**Work to complete**
Retype only the lines running from the beginning of the entries below to the line with "doc.styles.get", both included. Do not include pictures.

Stored data:
• • •

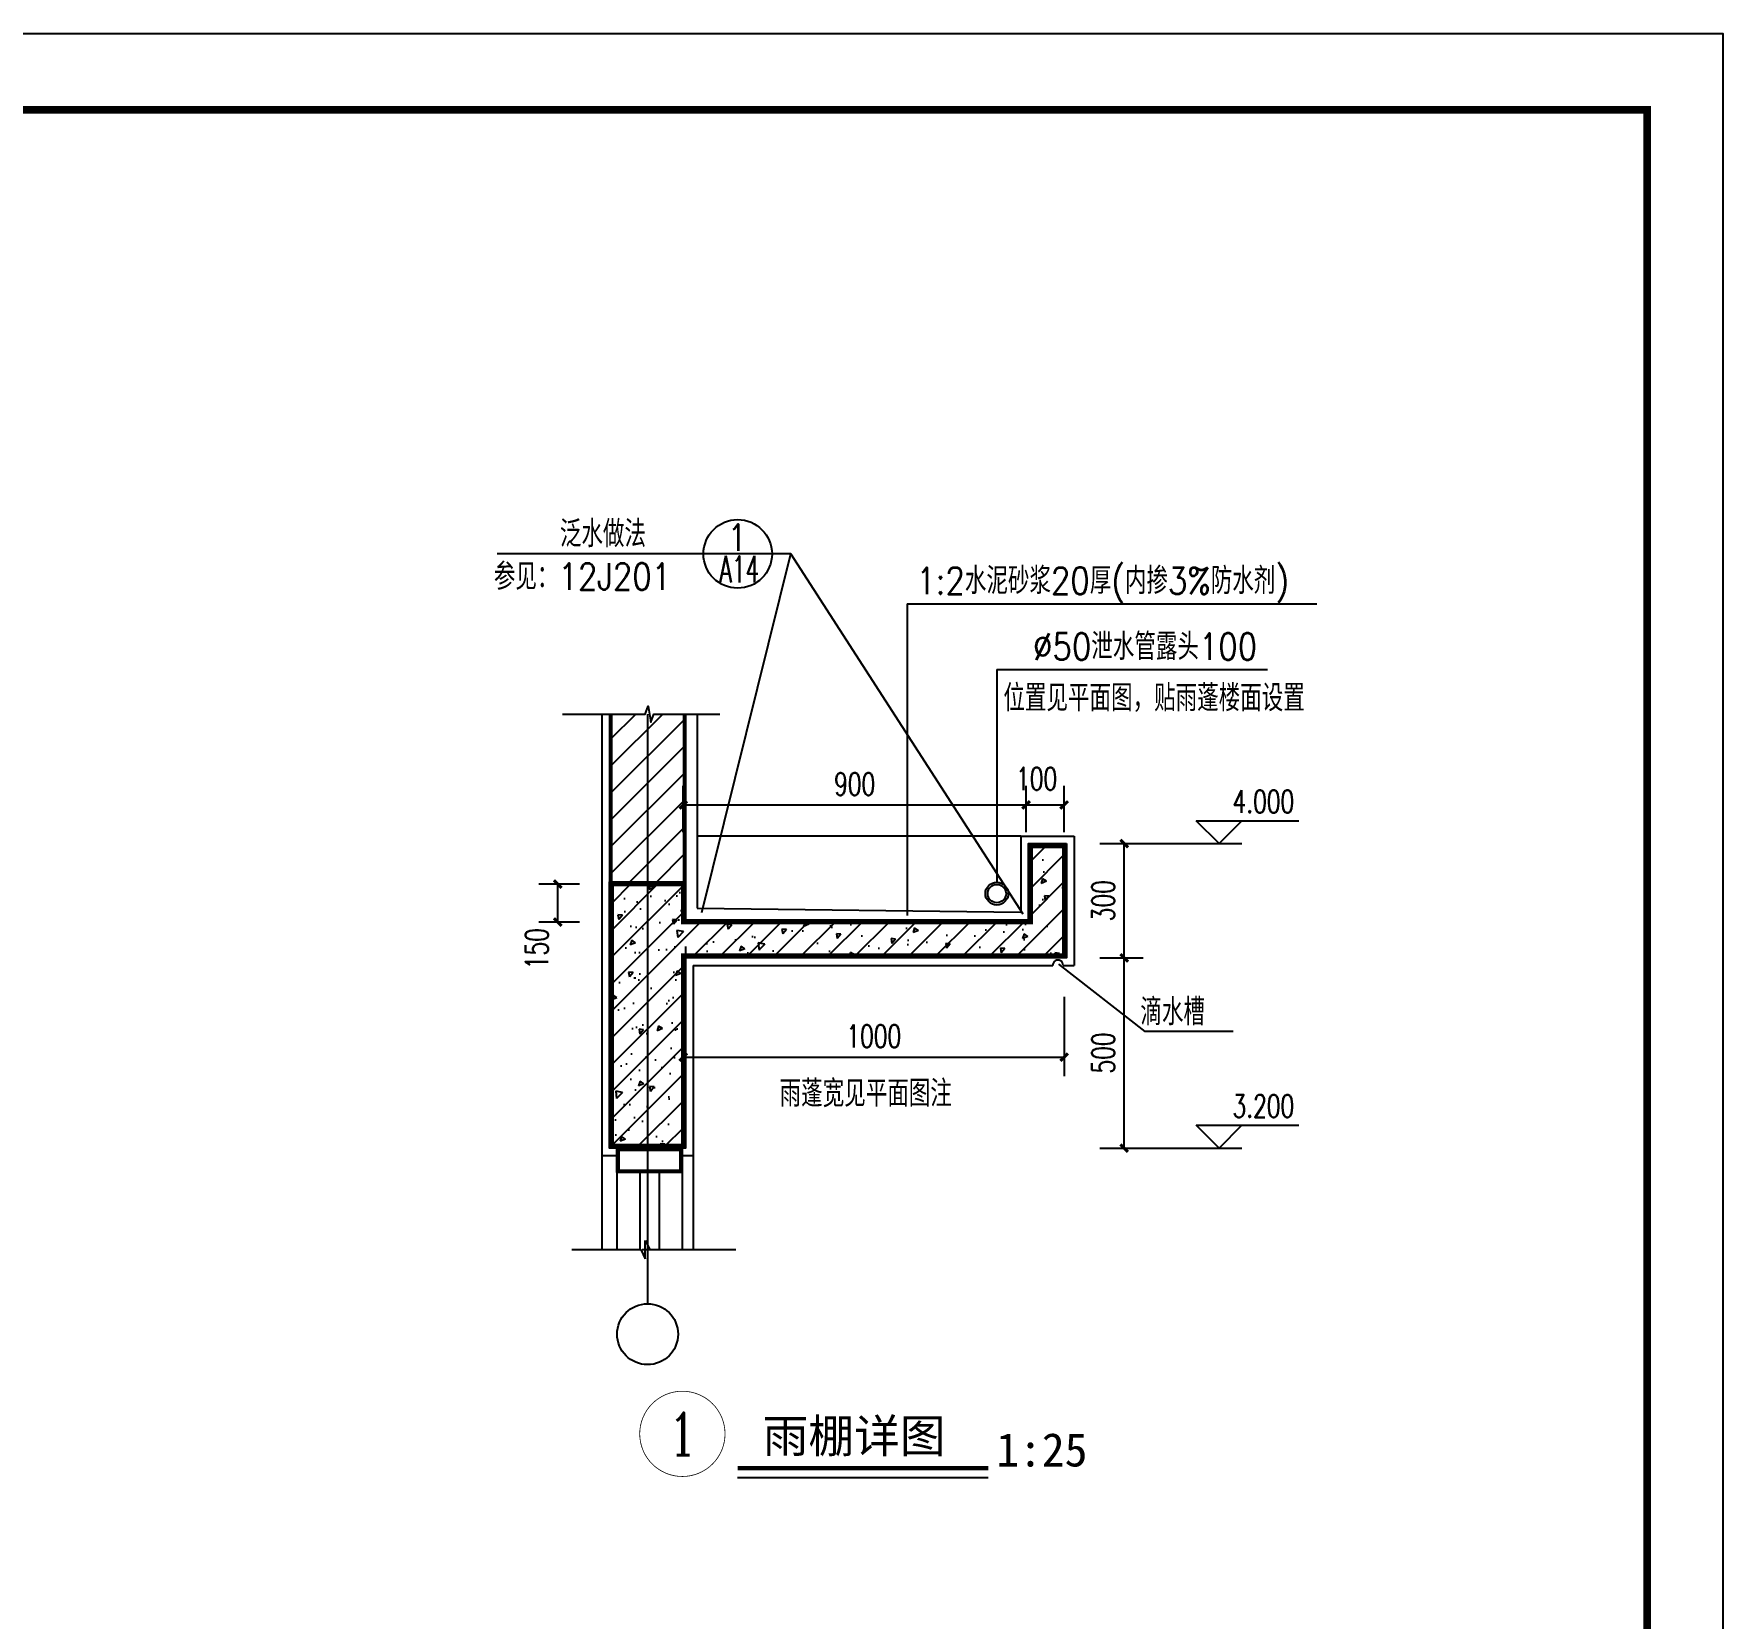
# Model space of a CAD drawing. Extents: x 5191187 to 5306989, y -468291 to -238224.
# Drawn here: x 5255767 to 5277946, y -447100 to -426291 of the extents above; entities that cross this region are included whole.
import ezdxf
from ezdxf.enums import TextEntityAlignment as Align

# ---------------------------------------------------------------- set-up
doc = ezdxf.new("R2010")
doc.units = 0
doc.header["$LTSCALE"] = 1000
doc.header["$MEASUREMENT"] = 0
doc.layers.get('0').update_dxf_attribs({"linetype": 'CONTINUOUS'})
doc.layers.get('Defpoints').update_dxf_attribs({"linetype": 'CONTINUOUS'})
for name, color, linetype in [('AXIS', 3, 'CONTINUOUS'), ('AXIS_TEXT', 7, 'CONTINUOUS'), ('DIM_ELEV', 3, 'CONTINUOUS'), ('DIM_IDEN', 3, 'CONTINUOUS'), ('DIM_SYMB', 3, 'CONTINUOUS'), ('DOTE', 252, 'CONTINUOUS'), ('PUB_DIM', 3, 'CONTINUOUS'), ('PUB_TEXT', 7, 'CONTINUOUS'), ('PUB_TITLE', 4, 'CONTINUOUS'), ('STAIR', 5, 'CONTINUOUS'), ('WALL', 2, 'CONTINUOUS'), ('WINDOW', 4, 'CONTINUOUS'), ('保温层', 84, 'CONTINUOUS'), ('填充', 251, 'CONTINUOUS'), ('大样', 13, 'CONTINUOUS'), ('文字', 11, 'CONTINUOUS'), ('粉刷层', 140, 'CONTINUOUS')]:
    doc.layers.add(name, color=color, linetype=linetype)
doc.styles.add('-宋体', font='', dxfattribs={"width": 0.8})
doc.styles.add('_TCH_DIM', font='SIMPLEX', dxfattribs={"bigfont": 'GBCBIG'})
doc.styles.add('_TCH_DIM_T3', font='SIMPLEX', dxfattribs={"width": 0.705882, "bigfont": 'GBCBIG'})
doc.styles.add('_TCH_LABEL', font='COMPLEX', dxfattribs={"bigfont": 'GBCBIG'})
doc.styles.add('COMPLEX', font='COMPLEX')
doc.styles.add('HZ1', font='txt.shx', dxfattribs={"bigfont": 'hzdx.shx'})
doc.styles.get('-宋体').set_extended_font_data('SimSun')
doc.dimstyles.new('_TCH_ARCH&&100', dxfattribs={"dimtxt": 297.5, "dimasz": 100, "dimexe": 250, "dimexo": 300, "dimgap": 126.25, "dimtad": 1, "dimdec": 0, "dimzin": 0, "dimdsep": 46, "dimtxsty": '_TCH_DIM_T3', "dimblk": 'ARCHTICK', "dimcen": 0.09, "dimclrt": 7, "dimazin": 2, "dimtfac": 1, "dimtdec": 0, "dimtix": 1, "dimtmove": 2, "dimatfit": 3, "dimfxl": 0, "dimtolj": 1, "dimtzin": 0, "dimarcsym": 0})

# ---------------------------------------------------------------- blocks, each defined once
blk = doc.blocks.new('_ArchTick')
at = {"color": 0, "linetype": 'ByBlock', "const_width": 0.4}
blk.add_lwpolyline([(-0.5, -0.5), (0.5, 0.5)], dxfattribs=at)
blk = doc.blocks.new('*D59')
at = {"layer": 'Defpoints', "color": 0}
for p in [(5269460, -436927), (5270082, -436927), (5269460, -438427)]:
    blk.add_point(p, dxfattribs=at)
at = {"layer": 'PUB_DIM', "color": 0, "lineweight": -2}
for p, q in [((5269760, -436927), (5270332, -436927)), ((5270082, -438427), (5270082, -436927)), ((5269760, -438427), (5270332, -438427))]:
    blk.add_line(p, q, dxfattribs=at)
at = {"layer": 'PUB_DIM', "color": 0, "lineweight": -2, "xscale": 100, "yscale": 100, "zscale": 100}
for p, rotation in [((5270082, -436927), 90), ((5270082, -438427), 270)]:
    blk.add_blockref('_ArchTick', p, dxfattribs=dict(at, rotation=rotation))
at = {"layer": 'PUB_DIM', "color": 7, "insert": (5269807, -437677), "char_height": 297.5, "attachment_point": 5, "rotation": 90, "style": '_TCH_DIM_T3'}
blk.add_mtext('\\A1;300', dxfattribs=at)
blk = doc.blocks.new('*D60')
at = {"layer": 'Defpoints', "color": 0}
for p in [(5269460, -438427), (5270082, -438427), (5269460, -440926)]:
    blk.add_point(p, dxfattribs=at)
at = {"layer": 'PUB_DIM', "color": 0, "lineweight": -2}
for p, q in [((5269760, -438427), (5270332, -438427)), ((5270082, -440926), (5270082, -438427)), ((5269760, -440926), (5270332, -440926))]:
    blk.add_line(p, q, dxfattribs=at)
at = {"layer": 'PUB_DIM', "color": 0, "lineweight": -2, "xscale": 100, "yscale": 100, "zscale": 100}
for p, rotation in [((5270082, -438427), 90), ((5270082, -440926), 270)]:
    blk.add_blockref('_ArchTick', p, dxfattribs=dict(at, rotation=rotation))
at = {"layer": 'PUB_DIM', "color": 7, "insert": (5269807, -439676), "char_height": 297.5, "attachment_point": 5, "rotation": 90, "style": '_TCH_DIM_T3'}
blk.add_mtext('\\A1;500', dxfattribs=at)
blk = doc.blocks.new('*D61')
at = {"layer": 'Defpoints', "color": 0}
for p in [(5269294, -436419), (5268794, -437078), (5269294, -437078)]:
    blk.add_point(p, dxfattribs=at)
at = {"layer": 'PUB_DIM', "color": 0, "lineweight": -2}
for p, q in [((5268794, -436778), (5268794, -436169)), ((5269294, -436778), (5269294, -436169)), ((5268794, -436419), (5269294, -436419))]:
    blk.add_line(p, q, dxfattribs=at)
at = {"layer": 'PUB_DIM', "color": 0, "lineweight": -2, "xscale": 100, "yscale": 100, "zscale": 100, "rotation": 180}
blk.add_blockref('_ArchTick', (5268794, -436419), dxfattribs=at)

• • •

**Exercise output**
# Model space of a CAD drawing. Extents: x 5191187 to 5306989, y -468291 to -238224.
# Drawn here: x 5255767 to 5277946, y -447100 to -426291 of the extents above; entities that cross this region are included whole.
import ezdxf
from ezdxf.enums import TextEntityAlignment as Align

# ---------------------------------------------------------------- set-up
doc = ezdxf.new("R2010")
doc.units = 0
doc.header["$LTSCALE"] = 1000
doc.header["$MEASUREMENT"] = 0
doc.layers.get('0').update_dxf_attribs({"linetype": 'CONTINUOUS'})
doc.layers.get('Defpoints').update_dxf_attribs({"linetype": 'CONTINUOUS'})
for name, color, linetype in [('AXIS', 3, 'CONTINUOUS'), ('AXIS_TEXT', 7, 'CONTINUOUS'), ('DIM_ELEV', 3, 'CONTINUOUS'), ('DIM_IDEN', 3, 'CONTINUOUS'), ('DIM_SYMB', 3, 'CONTINUOUS'), ('DOTE', 252, 'CONTINUOUS'), ('PUB_DIM', 3, 'CONTINUOUS'), ('PUB_TEXT', 7, 'CONTINUOUS'), ('PUB_TITLE', 4, 'CONTINUOUS'), ('STAIR', 5, 'CONTINUOUS'), ('WALL', 2, 'CONTINUOUS'), ('WINDOW', 4, 'CONTINUOUS'), ('保温层', 84, 'CONTINUOUS'), ('填充', 251, 'CONTINUOUS'), ('大样', 13, 'CONTINUOUS'), ('文字', 11, 'CONTINUOUS'), ('粉刷层', 140, 'CONTINUOUS')]:
    doc.layers.add(name, color=color, linetype=linetype)
doc.styles.add('-宋体', font='', dxfattribs={"width": 0.8})
doc.styles.add('_TCH_DIM', font='SIMPLEX', dxfattribs={"bigfont": 'GBCBIG'})
doc.styles.add('_TCH_DIM_T3', font='SIMPLEX', dxfattribs={"width": 0.705882, "bigfont": 'GBCBIG'})
doc.styles.add('_TCH_LABEL', font='COMPLEX', dxfattribs={"bigfont": 'GBCBIG'})
doc.styles.add('COMPLEX', font='COMPLEX')
doc.styles.add('HZ1', font='txt.shx', dxfattribs={"bigfont": 'hzdx.shx'})
doc.styles.get('-宋体').set_extended_font_data('SimSun')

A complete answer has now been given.